Refer to our Texas Go Math Grade 6 Answer Key Pdf to score good marks in the exams. Test yourself by practicing the problems from Texas Go Math Grade 6 Module 13 Answer Key Inequalities and Relationships.
Texas Go Math Grade 6 Module 13 Answer Key Inequalities and Relationships
Texas Go Math Grade 6 Module 13 Are You Ready? Answer Key
Write an integer to represent each situation.
Question 1.
a loss of $75
Answer:
Because here we have loss, we will have -, so, the required integer is 75.
Question 2.
a football player’s gain of 9 yards
Answer:
Here, because we have gain, we will have +. so, the required integer is 9.
Question 3.
spending $1,200 on a flat screen TV __________
Answer:
Because here we have spending, we will have -, so the required integer is -1.200.
Question 4.
a climb of 2,400 feet _________
Answer:
Because here we have climbing, we will have +, so the required integer is 2.400.

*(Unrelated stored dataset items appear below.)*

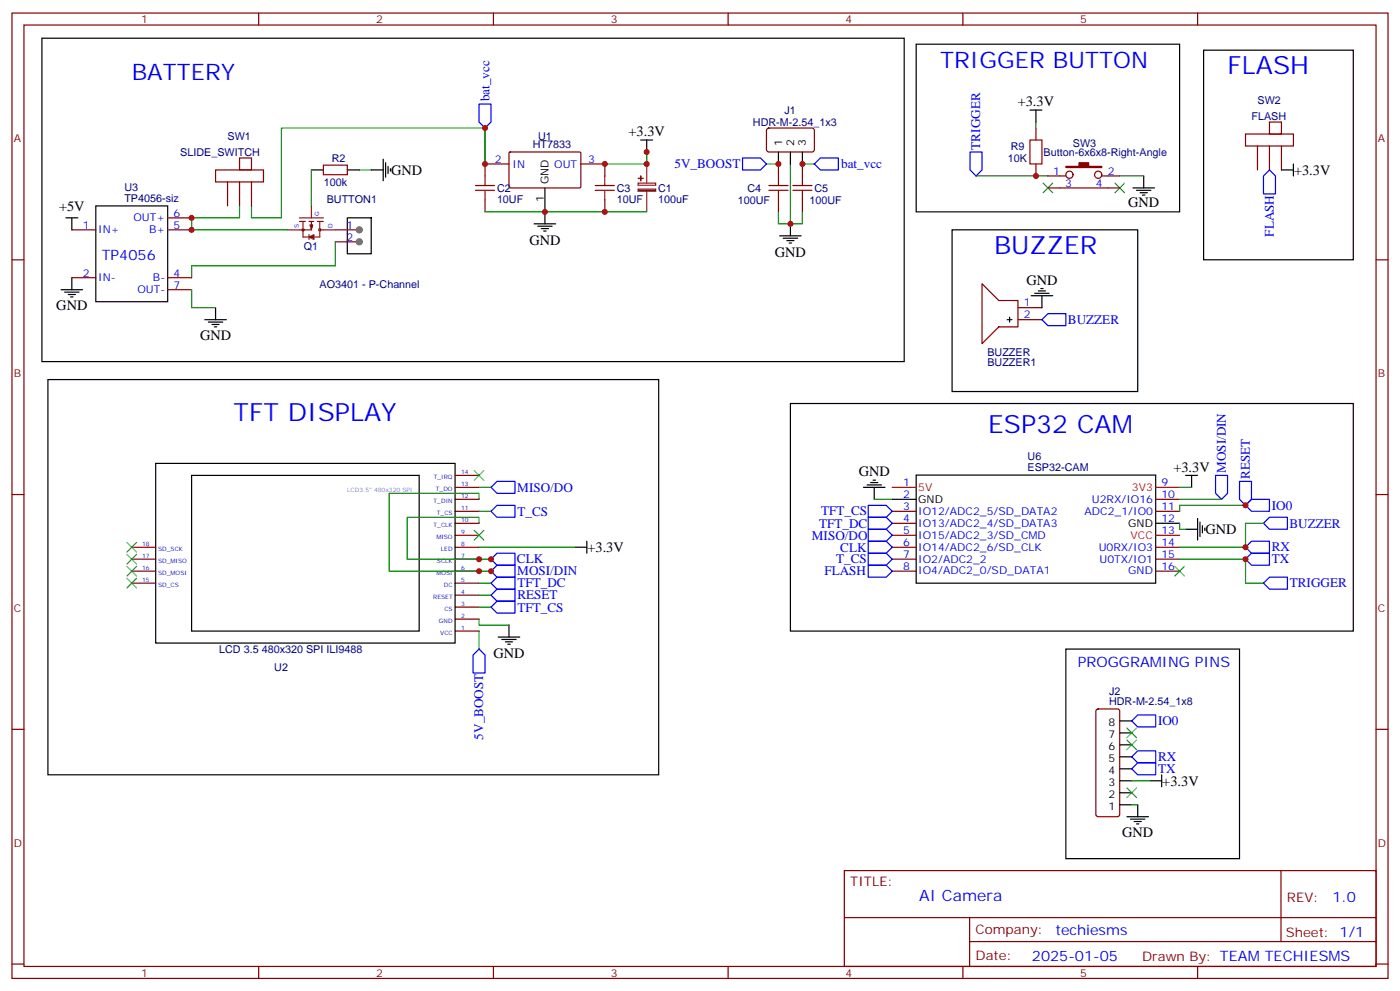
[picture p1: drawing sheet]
<svg xmlns="http://www.w3.org/2000/svg" width="412mm" height="292mm" viewBox="0 0 412 292" stroke-linecap="round" stroke-linejoin="round" font-family="sans-serif">
<g fill="none" stroke="#870000" stroke-width=".35">
<path d="M3.5 3.8h405.4v284.4h-405.4zM7.1 7.4h398.2v277.3h-398.2zM76.2 3.8v3.6M145.3 3.8v3.6M214.5 3.8v3.6M283.6 3.8v3.6M352.8 3.8v3.6M226 37.9l.5-.2 13 .1 .4 .6-.1 5.9-.6 .5-13-.1-.4-.6v-5.7zM305.2 37.7v3.5M366.9 39.5h14.1v3.5h-14.1zM373.9 35.9h3.6v3.6h-3.6zM63.5 50.1h14.1v3.5h-14.1z"/>
<path d="M67 53.6v7M70.6 46.5h3.5v3.6h-3.5zM70.6 53.6v7M74.1 53.6v7M95.2 48.6h7.1v2.9h-7.1zM142.9 58.9v3.5M149.9 48.3h-7v3.5M150 44.9l.3-.1h20.6l.2 .3-.1 10.1-.3 .2-20.6-.1-.2-.3zM171.1 48.3h7.1v3.5M178.2 58.9v3.5M229.3 48.3v3.5M229.3 58.9v3.5"/>
<path d="M236.4 48.3v3.5M236.4 58.9v3.5M305.2 48.3v3.5M308.7 51.8h5.3M308.7 55.4h21.1M324.6 51.8h5.2M370.4 43v7.1M373.9 43v7.1M377.5 43v7.1M3.5 76.5h3.6M21.2 67.7h7M49.4 67.7h7"/>
<path d="M49.4 64.2h7M98.8 67.7h7M98.8 71.2h7M405.3 76.5h3.6M21.2 81.8h7M49.4 81.8h7M49.4 85.3h7M289.3 83.6l4.9 4.9h5.7v7.8h-5.7l-4.9 4.9zM299.9 90.6h7M299.9 94.2h7M3.5 145.7h3.6M134.1 150.6h7"/>
<path d="M134.1 154.1h7M134.1 157.7h7M134.1 147.1h7M134.1 143.5h7M134.1 140h7M262.8 150.6h7.1M262.8 154.1h7.1M262.8 157.7h7.1M340.4 150.6h7.1M340.4 147.1h7.1M405.3 145.7h3.6M38.8 161.2h7.1"/>
<path d="M38.8 164.7h7.1M38.8 168.2h7.1M38.8 171.8h7.1M134.1 161.2h7M134.1 164.7h7M134.1 168.2h7M134.1 178.8h7M134.1 175.3h7M134.1 171.8h7M262.8 161.2h7.1M262.8 164.7h7.1M262.8 168.2h7.1"/>
<path d="M340.4 161.2h7.1M340.4 164.7h7.1M340.4 168.2h7.1M134.1 185.9h7M134.1 182.4h7M3.5 214.8h3.6M323 209l.5-.2h5.6l.5 .2 .2 .5v30.4l-.2 .5-.5 .2h-5.6l-.5-.3-.2-.4v-30.4zM405.3 214.8h3.6M248.7 256.4h156.6v28.3h-156.6zM377.3 256.5v20.8M248.7 270.3h156.5M285.6 277.3h119.6"/>
<path d="M285.6 270.3v14.1M3.5 284h3.6M76.2 284.7v3.5M145.3 284.7v3.5M214.5 284.7v3.5M283.6 284.7v3.5M352.8 284.7v3.5M405.3 284h3.6"/>
<circle cx="315" cy="51.5" r="1.06"/>
<circle cx="323.5" cy="51.5" r="1.06"/>
</g>
<g fill="none" stroke="#000" stroke-width=".35">
<path d="M12.3 11.3h254v95.2h-254zM269.9 13h77.6v49.4h-77.6zM354.5 14.8h44.1v61.7h-44.1zM303.4 32.4h3.5M305.2 32.4v3.5M91.7 50.1h3.5M102.3 50.1h3.5M109.4 50.1h3.5M112.9 46.9v6.3M113.6 47.9v4.3M114.3 49v2.1M115 49.7v.7"/>
<path d="M160.5 55.4v10.5M188.7 41.2h3.6M190.5 41.2v3.6M229.3 44.8v3.5M232.8 44.8v3.5M236.4 44.8v3.5M333.7 55.4h6.4M334.8 56.1h4.2M335.8 56.8h2.2M336.5 57.5h.8M336.9 51.8v3.6M377.5 50.1h3.5"/>
<path d="M381 48.3v3.5M19.4 64.2h3.5M21.2 64.2v3.5M28.2 60.6h21.2v28.3h-21.2zM102.3 64.2h7.1v10.6h-7.1zM157.3 65.9h6.4M158.4 66.6h4.2M159.5 67.3h2.1M160.2 68.1h.7M229.7 69.5h6.3M230.7 70.2h4.2M231.8 70.9h2.1"/>
<path d="M232.5 71.6h.7M232.8 65.9v3.6M280.5 67.7h54.6v47.6h-54.6zM18 85.3h6.3M19 86h4.3M20.1 86.7h2.1M20.8 87.5h.7M21.2 81.8v3.5M60.3 94.2h6.4M61.4 94.9h4.2M62.4 95.6h2.2M63.1 96.3h.8"/>
<path d="M63.5 90.6v3.6M296.7 94.2h1.4M297.4 93.5v1.4M303.7 87.1h6.4M304.8 86.4h4.2M305.9 85.7h2.1M306.6 85h.7M306.9 87.1v3.5M14.1 111.8h179.9v116.4h-179.9zM232.8 118.9h165.8v67h-165.8zM45.9 136.5h88.2v52.9h-88.2zM269.9 139.9h70.5v31.9h-70.5z"/>
<path d="M56.4 140h67.1v45.9h-67.1zM172.9 159.4v3.5M254.4 143.5h6.3M255.4 142.8h4.2M256.5 142.1h2.1M257.2 141.4h.7M257.5 143.5v3.6M262.8 147.1h7.1M340.4 154.1h7.1M349.2 140h3.6M349.2 155.9h3.6M351 140v3.5"/>
<path d="M352.8 152.7v6.4M353.5 153.8v4.2M354.2 154.8v2.2M354.9 155.5v.7M169.3 161.2h3.6M146.8 187.6h6.3M147.8 188.3h4.2M148.9 189.1h2.1M149.6 189.8h.7M149.9 184.1v3.5M314 191.2h51.1v61.7h-51.1zM329.8 219.4h3.6"/>
<path d="M329.8 215.9h3.6M329.8 212.3h3.6M329.8 237h3.6M329.8 233.5h3.6M329.8 230h3.6M329.8 226.4h3.6M329.8 222.9h3.6M335.1 237v3.6M338.7 230h3.5M342.2 228.2v3.5M332 240.6h6.3M333 241.3h4.3"/>
<path d="M334.1 242h2.1M334.8 242.7h.7"/>
</g>
<path d="M262.8 143.5h7.1M340.4 143.5h7.1M340.4 157.7h7.1" fill="none" stroke="#f00" stroke-width=".35"/>
<g fill="none" stroke="#008700" stroke-width=".35">
<path d="M305.2 35.9v1.8M91.7 50.1v10.5M105.8 50.1h3.6M142.9 48.3v-10.6h-60v26.5h-8.8v-3.6M178.2 48.3h12.3v-3.5v3.5M225.8 48.3h3.5M232.8 48.3v17.6h-3.5v-3.5M236.4 48.3h3.5M287.5 51.8h21.2M329.8 51.8h7.1M70.6 60.6v3.6h-14.2v3.5h28.3M98.8 71.2v7.1h-42.4v3.5"/>
<path d="M142.9 62.4h47.6M236.4 62.4v3.5h-3.6M56.4 85.3v5.3h7.1M141.1 154.1v-1.7h-21.2v12.3h24.7h-3.5M141.1 147.1v-1.8h-26.4v22.9h29.9h-3.5M141.1 150.6h3.5M141.1 143.5h3.5M257.5 147.1h5.3M347.5 154.1v1.8h1.7M347.5 143.5h3.5M347.5 147.1h12.3M366.9 148.8h-19.4v1.8"/>
<path d="M372.2 154.1h-5.3v7.1h-19.4M141.1 171.8h3.5M141.1 175.3h3.5M141.1 178.8h3.5M141.1 161.2h28.2M347.5 164.7h19.4v7.1h5.3M141.1 182.4v1.7h8.8M141.1 185.9v5.3M333.4 230h5.3M333.4 237h1.7"/>
</g>
<g fill="none" stroke="#a10000" stroke-width=".35">
<path d="M140.1 56.1h5.6M140.1 54.6h5.6M142.9 51.8v2.8M142.9 56.1v2.8M175.3 56.1h5.7M175.3 54.6h5.7M178.2 51.8v2.8M178.2 56.1v2.8M226.5 56.1h5.6M226.5 54.6h5.6M229.3 51.8v2.8M229.3 56.1v2.8"/>
<path d="M233.5 56.1h5.7M233.5 54.6h5.7M236.4 51.8v2.8M236.4 56.1v2.8M303.4 41.2h3.5v7.1h-3.5z"/>
</g>
<g fill="none" stroke="#00f" stroke-width=".35">
<path d="M141.1 30.7h3.5v5.2l-1.7 1.8-1.8-1.8zM218.7 46.5h5.3l1.8 1.8-1.8 1.8h-5.3zM239.9 48.3l1.8-1.8h5.2v3.6h-5.2zM285.8 44.8h3.5v5.3l-1.8 1.7-1.7-1.7zM373.9 50.1l1.8 1.7v5.3h-3.5v-5.3zM306.9 94.2l1.8-1.8h5.3v3.5h-5.3zM144.6 150.6l1.8-1.8h5.3v3.6h-5.3zM144.6 143.5l1.8-1.7h5.3v3.5h-5.3zM255.8 148.8h5.3l1.7 1.8-1.7 1.8h-5.3zM255.8 152.4h5.3l1.7 1.7-1.7 1.8h-5.3zM255.8 159.4h5.3l1.7 1.8-1.7 1.7h-5.3zM255.8 155.9h5.3l1.7 1.8-1.7 1.7h-5.3z"/>
<path d="M358.1 140h3.5v5.3l-1.8 1.8-1.7-1.8zM365.1 141.8h3.6v5.3l-1.8 1.7-1.8-1.7zM366.9 148.8l1.8-1.7h5.2v3.5h-5.2zM373.9 152.4h5.3v3.5h-5.3l-1.7-1.8zM144.6 164.7l1.8-1.8h5.3v3.6h-5.3zM144.6 168.2l1.8-1.7h5.3v3.5h-5.3zM144.6 171.8l1.8-1.8h5.3v3.5h-5.3zM144.6 175.3l1.8-1.8h5.3v3.6h-5.3zM144.6 178.8l1.8-1.7h5.3v3.5h-5.3zM255.8 166.5h5.3l1.7 1.7-1.7 1.8h-5.3zM255.8 162.9h5.3l1.7 1.8-1.7 1.8h-5.3zM366.9 164.7l1.8-1.8h5.2v3.6h-5.2z"/>
<path d="M366.9 161.2l1.8-1.8h5.2v3.5h-5.2zM372.2 171.8l1.7-1.8h5.3v3.5h-5.3zM141.1 191.2l1.8 1.7v5.3h-3.6v-5.3zM333.4 212.3l1.7-1.7h5.3v3.5h-5.3zM333.4 226.4l1.7-1.7h5.3v3.5h-5.3zM333.4 222.9l1.7-1.7h5.3v3.5h-5.3z"/>
</g>
<g fill="#666" stroke="#666" stroke-width=".35">
<circle cx="105.8" cy="71.2" r=".88"/>
<circle cx="105.8" cy="67.7" r=".88"/>
</g>
<g fill="none" stroke="#8c2424" stroke-width=".35">
<path d="M188 53.9h5.1v.7h-5.1zM190.5 48.3v5.6M190.5 56.4v6M84.7 67.7h7M88.2 65.2h1.8M88.2 64.2h7M89.3 65.2v4.6h4.9v-4.6M91 65.2h1.4M91 69.8l1.4-.7v1.4zM91 69.1v1.4M91.4 66.3l.3 1.4M91.4 66.3h.7"/>
<path d="M91.4 66.3l.3 1M91.7 60.6v3.6M91.7 65.2v2.1M91.7 69.8l.7 .4M91.7 69.8l.4 .4M92.1 66.3l-.4 1.4M92.1 66.3l-.4 1M92.1 66.3l-.4 .7M92.1 69.5l-.4 .3M92.4 69.5l-.7 .3M93.5 65.2h1.7M94.2 67.7h4.6"/>
<circle cx="89.3" cy="67.7" r=".35"/>
<circle cx="94.2" cy="67.7" r=".35"/>
</g>
<g fill="none" stroke="#3c3" stroke-width=".35">
<path d="M307.3 53.9l2.8 2.9M310.1 53.9l-2.8 2.9M328.4 53.9l2.9 2.9M331.3 53.9l-2.9 2.9M139.7 138.6l2.8 2.8M142.5 138.6l-2.8 2.8M37.4 159.8l2.8 2.8M40.2 159.8l-2.8 2.8M139.7 156.2l2.8 2.9M142.5 156.2l-2.8 2.9M37.4 163.3l2.8 2.8M37.4 166.8l2.8 2.9"/>
<path d="M37.4 170.4l2.8 2.8M40.2 163.3l-2.8 2.8M40.2 166.8l-2.8 2.9M40.2 170.4l-2.8 2.8M346.1 166.8l2.8 2.9M348.9 166.8l-2.8 2.9M332 214.5l2.8 2.8M332 218l2.8 2.8M334.8 214.5l-2.8 2.8M334.8 218l-2.8 2.8M332 232.1l2.8 2.8M334.8 232.1l-2.8 2.8"/>
</g>
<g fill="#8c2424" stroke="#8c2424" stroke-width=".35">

Find the product or quotient.
Question 5.
6 × 9 __________
Answer:
Here, the signs of the integers are the same, so, the product will be positive. We have that result is 54.
Question 6.
15 ÷ (-5) ________
Answer:
Here, the signs of integers are different, so the quotient will be negative.
We have that result is -3.
Question 7.
-8 × 6 _______
Answer:
Here, the signs of integers are different, so the product will be negative.
So, the result is -48.
Question 8.
-100 ÷ (10) _________
Answer:
Here, the signs of integers are different, so the quotient will be negative.
We have that result is -10.
Question 9.
3 × (-7) ________
Answer:
Here, the signs of integers are different, so the product will be negative.
So, the result is -21.
Question 10.
-64 ÷ 8 ________
Answer:
Here, the signs of integers are different, so the quotient will be negative.
We have that result is -8.
Question 11.
-8 × (-2) __________
Answer:
Here, the signs of the integers are the same, so, the product will be positive We have that result is 16.
Question 12.
32 ÷ 2 ___________
Answer:
Here, the signs of the integers are the same, so, the quotient will be positive. We have that result is 16.
Solve.
Question 13.
9p = 108 __________
Answer:
Here we have that p is multiplied by 9, so, we will multiply both sides by the reciprocal, \(\frac{1}{9}\), in order to isolate variable. After that we will simplify and get the following:
\(\frac{1}{9}\) ∙ 9p = 108 ∙ \(\frac{1}{9}\)
p = \(\frac{108 \cdot 1}{9}\)
p = 12
Question 14.
\(\frac{3}{5}\)n = 21 _________
Answer:
3 5
Here we have that n is multiplied by \(\frac{3}{5}\), so, we will multiply both sides by the reciprocal, \(\frac{3}{5}\), in order to isolate the variable.
After that we will simplify and get the following:
\(\frac{5}{3}\) ∙ \(\frac{3}{5}\)n = 21 ∙ \(\frac{5}{3}\)
n = \(\frac{21 \cdot 5}{3}\)
n = 35
Question 15.
\(\frac{4}{7}\)k = 84 __________
Answer:
\(\frac{7}{4}\) ∙ \(\frac{4}{7}\)k = 84 ∙ \(\frac{7}{4}\)
k = \(\frac{84 \cdot 7}{4}\)
k = 147
Question 16.
\(\frac{3}{20}\) e = 24 ___________
Answer:
\(\frac{20}{3}\) ∙ \(\frac{3}{20}\)e = 24 ∙ \(\frac{20}{3}\)
e = \(\frac{24 \cdot 20}{3}\)
e = 160
Texas Go Math Grade 6 Module 13 Reading Start-Up Answer Key
Visualize Vocabulary
Use the ✓ words to complete the graphic.
Understand Vocabulary
Match the term on the left to the correct expression on the right.
Answer:
1 – A. Solution of an inequality is a value or values that make the inequality true. ConcLusion ¡s that A matches to this term.
2 – C. Coefficient is the number that is multiplied by the variable in an algebraic expression. Conclusion is that C matches to this term.
3 – B. Constant is a specific number whose value does not change. Conclusion is that B matches this term.
Active Reading
Two-Panel Flip Chart Create a two-panel flip chart to help you understand the concepts in this module. Label one flap “Adding and Subtracting Inequalities.” Label the other flap “Multiplying and Dividing InequalitiesTM As you study each lesson, write important ideas under the appropriate flap.